In north-central Namibia there is a dinosaur trackway in sandstone on what is now the private farm Otjihaenamparero. Larger footprints are of a ceratosauria and smaller ones of syntarsus. The prints are believed to be around 190 million years old.[15][16]
In the Lower Zimbabwe Rift Valley there is a trackway in 140 Ma rose-coloured sandstone of Chewore Area. The small footprint size, with both manus and pes, implies that it is a trackway of a juvenile, a probable carnosaur.[17]
The western regions of North America, especially the western border of the Western Interior Seaway, are common for dinosaur trackways. Wyoming has dinosaur trackways from the Late Cretaceous, 65 ma.[18] (A model example of this 3-toed Wyoming trackway was made for presentation)[19]
In the United States, dinosaur footprints and trackways are found in the Glen Rose Formation, the most famous of these being the Paluxy River site in Dinosaur Valley State Park. These were the first sauropoda footprints scientifically documented, and were designated a US National Natural Landmark in 1969. Some are as large as about 3 feet across. The prints are thought to have been preserved originally in a tidal flat or a lagoon.[20] There are tracks from two types of dinosaur. The first type of tracks are from a sauropod and were made by an animal of 30 to 50 feet in length, perhaps a brachiosaurid such as Pleurocoelus,[20] and the second tracks by a theropoda, an animal of 20 to 30 feet in length, perhaps an Acrocanthosaurus. A variety of scenarios was proposed to explain the tracks, but most likely represent twelve sauropods "probably as a herd, followed somewhat later by three theropods that may or may not have been stalking – but that certainly were not attacking."[20]
Other examples include:
The Gansu dinosaur trackway located in the Liujiazia National Dinosaur Geopark in Yanguoxia, China contains hundreds of tracks including 245 dinosaur, 350 theropod, 364 sauropod and 628 ornithopod tracks among others.[22]

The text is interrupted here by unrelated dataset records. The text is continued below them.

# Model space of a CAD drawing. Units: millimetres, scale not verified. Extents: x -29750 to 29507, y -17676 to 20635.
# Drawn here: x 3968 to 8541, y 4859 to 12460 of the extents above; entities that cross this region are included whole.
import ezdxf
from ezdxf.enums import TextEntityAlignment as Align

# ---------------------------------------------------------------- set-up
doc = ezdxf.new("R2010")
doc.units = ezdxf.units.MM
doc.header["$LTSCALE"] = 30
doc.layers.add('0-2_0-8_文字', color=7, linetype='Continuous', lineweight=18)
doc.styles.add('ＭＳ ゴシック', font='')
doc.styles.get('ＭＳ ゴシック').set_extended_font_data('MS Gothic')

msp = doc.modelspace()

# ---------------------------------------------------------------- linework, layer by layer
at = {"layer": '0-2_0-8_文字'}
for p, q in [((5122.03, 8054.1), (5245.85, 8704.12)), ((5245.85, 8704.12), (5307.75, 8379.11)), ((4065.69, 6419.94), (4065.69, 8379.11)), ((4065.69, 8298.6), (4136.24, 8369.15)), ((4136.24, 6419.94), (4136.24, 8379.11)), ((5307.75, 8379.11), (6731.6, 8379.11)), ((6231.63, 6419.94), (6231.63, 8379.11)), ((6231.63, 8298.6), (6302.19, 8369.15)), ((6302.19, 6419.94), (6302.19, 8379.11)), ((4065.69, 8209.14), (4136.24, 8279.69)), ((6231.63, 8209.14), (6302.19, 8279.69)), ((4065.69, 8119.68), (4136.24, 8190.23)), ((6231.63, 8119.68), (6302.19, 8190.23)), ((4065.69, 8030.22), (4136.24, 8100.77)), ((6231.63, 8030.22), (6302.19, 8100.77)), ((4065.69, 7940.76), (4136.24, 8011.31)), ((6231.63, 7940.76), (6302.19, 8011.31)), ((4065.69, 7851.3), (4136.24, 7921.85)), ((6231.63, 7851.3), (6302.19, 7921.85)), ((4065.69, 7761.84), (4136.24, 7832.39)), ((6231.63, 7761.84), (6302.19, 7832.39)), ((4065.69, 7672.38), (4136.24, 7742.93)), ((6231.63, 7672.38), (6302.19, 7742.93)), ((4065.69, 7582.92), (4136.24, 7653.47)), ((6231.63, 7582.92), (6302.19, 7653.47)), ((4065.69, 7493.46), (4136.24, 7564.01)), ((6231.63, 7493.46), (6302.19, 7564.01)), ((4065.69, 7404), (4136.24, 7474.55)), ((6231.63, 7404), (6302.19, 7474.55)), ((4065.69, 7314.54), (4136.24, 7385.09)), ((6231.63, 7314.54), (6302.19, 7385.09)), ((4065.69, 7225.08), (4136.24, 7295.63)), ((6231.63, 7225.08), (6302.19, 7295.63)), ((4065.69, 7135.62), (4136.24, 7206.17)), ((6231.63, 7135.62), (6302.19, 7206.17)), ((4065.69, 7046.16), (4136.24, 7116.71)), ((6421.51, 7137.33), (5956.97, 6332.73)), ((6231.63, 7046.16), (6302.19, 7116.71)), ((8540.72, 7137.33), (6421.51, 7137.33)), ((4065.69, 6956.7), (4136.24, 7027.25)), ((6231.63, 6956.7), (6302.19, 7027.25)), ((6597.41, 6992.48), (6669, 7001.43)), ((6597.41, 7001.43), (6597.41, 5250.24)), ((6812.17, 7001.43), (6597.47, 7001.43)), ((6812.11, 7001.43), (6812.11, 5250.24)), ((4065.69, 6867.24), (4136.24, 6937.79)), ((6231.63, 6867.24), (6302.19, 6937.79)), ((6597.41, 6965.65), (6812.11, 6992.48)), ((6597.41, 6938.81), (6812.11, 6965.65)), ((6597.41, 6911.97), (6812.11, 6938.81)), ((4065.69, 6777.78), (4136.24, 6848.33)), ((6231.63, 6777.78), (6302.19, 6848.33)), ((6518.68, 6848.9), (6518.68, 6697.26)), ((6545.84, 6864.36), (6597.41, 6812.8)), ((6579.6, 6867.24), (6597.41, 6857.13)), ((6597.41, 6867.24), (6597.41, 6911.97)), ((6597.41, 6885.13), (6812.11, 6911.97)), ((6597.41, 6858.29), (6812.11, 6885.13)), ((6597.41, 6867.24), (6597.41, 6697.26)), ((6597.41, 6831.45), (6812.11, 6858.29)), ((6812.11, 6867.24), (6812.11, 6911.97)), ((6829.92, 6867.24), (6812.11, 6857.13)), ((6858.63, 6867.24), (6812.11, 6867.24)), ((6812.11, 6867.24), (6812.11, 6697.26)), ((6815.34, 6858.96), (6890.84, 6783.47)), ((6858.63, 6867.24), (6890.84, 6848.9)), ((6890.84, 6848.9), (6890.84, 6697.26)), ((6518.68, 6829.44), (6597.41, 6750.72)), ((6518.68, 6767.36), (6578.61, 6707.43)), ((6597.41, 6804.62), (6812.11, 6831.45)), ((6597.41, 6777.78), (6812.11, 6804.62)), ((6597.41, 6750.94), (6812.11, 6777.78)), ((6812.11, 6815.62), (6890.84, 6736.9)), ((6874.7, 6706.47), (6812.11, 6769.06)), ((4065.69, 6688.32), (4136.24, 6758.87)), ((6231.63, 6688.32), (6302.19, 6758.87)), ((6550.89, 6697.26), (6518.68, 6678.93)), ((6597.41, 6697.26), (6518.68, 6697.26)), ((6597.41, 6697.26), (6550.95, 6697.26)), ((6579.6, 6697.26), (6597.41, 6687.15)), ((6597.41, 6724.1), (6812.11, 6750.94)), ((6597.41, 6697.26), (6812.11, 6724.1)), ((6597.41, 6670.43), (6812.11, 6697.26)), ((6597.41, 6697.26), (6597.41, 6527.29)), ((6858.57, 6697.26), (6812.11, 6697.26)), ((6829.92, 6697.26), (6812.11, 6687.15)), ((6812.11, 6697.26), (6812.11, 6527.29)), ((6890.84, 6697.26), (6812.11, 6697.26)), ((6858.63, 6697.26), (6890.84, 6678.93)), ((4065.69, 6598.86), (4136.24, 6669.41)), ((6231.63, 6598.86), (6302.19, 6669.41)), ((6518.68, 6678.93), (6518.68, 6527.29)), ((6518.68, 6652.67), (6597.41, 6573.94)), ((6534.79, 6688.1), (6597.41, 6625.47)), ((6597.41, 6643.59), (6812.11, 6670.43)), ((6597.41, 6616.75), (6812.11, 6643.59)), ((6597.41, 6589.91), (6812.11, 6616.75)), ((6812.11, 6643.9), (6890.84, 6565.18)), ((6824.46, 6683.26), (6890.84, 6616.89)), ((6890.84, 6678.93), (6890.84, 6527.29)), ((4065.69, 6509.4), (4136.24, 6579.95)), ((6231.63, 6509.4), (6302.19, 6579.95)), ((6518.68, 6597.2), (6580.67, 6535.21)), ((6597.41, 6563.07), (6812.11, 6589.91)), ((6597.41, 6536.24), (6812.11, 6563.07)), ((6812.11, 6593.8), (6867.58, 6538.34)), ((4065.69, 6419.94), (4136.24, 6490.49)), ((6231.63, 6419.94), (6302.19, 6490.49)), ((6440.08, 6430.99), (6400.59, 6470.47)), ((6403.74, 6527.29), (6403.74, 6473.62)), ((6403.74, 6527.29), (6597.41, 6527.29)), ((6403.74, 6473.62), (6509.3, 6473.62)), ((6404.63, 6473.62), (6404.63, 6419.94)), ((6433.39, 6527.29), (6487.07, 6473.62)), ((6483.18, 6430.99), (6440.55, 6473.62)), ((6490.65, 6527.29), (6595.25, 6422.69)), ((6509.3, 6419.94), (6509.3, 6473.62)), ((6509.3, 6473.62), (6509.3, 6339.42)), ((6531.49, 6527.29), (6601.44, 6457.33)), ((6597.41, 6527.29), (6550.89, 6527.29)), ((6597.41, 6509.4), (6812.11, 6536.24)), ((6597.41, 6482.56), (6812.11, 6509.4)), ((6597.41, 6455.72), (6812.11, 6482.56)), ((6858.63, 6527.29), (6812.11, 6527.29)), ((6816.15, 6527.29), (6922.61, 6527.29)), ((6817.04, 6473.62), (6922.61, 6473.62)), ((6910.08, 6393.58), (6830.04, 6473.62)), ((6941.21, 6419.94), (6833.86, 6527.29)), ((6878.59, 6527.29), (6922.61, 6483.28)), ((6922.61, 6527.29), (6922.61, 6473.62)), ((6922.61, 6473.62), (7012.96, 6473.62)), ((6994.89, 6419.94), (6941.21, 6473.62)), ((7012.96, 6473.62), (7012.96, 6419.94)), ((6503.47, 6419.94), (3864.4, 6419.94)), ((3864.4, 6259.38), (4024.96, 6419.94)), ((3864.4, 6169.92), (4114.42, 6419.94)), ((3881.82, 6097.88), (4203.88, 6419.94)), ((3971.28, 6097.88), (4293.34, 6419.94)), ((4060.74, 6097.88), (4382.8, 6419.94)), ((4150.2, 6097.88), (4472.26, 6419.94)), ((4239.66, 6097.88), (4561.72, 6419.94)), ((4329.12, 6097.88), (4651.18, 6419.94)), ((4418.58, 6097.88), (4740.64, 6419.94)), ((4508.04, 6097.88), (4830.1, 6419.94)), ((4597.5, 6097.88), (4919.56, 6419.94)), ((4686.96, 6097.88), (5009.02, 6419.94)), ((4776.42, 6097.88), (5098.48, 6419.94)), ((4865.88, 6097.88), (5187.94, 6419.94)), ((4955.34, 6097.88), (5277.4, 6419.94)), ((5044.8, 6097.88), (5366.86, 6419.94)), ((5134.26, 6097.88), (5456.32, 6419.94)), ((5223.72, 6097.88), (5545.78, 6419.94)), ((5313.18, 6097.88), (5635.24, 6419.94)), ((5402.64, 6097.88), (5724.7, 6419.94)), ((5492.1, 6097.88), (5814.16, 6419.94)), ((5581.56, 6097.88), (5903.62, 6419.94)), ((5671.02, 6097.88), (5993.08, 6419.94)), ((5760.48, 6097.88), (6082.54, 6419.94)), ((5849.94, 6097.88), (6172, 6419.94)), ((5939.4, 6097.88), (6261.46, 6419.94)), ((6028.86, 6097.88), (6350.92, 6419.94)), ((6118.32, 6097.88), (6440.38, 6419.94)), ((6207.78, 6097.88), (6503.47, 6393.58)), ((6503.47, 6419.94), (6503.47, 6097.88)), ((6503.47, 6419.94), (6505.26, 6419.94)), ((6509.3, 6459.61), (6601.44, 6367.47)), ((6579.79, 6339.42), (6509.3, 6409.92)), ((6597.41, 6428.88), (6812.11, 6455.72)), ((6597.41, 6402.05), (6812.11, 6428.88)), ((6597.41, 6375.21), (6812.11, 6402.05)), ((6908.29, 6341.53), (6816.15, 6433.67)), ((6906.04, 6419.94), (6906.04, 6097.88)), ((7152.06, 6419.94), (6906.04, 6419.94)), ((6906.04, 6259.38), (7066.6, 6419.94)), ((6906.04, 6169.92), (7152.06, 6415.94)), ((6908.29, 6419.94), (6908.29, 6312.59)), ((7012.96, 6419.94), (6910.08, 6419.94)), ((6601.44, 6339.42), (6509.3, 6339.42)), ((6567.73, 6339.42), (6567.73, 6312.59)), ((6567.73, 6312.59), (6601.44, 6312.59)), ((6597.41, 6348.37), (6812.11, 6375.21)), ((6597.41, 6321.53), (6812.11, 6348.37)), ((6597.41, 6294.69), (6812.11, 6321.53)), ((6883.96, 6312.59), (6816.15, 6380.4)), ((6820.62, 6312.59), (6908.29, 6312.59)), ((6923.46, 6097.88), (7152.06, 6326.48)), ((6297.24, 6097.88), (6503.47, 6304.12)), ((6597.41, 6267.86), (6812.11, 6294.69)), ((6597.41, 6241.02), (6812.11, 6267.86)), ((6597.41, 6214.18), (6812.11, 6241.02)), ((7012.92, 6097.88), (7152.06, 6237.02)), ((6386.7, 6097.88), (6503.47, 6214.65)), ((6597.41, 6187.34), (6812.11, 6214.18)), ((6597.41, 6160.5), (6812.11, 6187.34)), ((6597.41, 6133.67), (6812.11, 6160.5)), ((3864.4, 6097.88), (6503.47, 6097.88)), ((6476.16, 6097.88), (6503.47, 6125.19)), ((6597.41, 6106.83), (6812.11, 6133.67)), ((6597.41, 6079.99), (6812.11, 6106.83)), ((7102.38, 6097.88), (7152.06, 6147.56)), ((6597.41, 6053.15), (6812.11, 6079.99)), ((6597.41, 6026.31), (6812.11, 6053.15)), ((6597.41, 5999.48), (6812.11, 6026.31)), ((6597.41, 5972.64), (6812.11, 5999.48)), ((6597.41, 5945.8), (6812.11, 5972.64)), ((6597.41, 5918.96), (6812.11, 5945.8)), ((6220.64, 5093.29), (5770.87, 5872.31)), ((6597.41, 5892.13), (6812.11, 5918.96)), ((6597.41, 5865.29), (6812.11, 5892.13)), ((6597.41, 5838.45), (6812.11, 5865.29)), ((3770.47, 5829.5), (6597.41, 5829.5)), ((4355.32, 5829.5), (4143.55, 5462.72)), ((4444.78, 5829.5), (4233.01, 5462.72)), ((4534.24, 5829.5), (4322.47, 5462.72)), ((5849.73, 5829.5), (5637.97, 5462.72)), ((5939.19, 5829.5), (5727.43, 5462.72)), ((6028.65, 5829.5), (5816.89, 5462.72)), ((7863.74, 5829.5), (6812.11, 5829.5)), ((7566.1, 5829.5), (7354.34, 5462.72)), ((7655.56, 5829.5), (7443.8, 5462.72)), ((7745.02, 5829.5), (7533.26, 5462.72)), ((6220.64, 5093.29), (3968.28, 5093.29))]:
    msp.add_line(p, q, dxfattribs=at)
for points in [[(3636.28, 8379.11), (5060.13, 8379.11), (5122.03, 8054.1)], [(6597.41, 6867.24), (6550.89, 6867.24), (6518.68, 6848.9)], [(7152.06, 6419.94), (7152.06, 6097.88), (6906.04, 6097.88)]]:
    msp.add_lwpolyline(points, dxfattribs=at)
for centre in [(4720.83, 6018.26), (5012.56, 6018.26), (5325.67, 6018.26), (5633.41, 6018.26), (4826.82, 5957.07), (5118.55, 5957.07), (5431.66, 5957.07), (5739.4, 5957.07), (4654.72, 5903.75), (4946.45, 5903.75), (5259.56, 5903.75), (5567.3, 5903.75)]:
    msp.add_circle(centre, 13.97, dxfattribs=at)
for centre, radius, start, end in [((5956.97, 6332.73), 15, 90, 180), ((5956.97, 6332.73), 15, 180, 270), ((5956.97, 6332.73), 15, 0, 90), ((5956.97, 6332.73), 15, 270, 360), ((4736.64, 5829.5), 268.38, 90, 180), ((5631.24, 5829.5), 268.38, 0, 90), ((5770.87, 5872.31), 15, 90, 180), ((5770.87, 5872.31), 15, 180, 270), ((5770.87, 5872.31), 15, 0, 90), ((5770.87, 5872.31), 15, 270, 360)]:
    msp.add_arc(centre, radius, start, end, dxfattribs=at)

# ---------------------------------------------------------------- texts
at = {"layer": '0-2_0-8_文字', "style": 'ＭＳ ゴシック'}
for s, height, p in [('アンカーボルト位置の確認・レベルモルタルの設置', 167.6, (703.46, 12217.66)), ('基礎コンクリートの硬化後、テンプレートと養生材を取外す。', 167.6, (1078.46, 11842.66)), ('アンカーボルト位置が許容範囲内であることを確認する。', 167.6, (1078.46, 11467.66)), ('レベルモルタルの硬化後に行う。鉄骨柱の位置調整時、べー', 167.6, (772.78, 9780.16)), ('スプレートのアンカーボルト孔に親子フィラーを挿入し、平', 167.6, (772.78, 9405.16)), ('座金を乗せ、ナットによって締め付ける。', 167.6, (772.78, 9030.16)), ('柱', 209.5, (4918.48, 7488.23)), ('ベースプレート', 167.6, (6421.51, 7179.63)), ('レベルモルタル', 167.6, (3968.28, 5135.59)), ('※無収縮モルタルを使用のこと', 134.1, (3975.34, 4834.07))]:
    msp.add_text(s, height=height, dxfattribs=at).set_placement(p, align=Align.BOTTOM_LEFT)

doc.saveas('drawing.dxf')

The Phu Pha Man National Park in Thailand contains one of the oldest dinosaur tracks to have been discovered in Asia.[23] Discovered in January 2024, paleontologists from the Department of Mineral Resources have dated the tracks to around 225–220 million years old (the late Triassic period).[24] The track contains traces of a variety of dinosaurs including theropods, sauropods, and archosaurs.[25]
The Lark Quarry Trackway in Queensland contains three-toed tracks made by a heard of ornithopod dinosaurs crossing a river. It was once believed they respresented a large predator chasing doqn a mixed flock of small ornithopods and theropods, but this was contested in 2011.[26]
Mammal trackways are among the least common trackways. Mammals were not often in mud, or riverine environments; they were more often in forestlands or grasslands. Thus the earlier tetrapods or proto-tetrapods would yield the most fossil trackways. The Walchia forest of Brule, Nova Scotia has an example of an in situ Walchia forest, and tetrapod trackways that extended over some period of time through the forest area.
A recent marsupial trackway site in the Colac district of Australia (west of Colac) contains marsupial trackways as well as kangaroo and wallaby tracks.[29]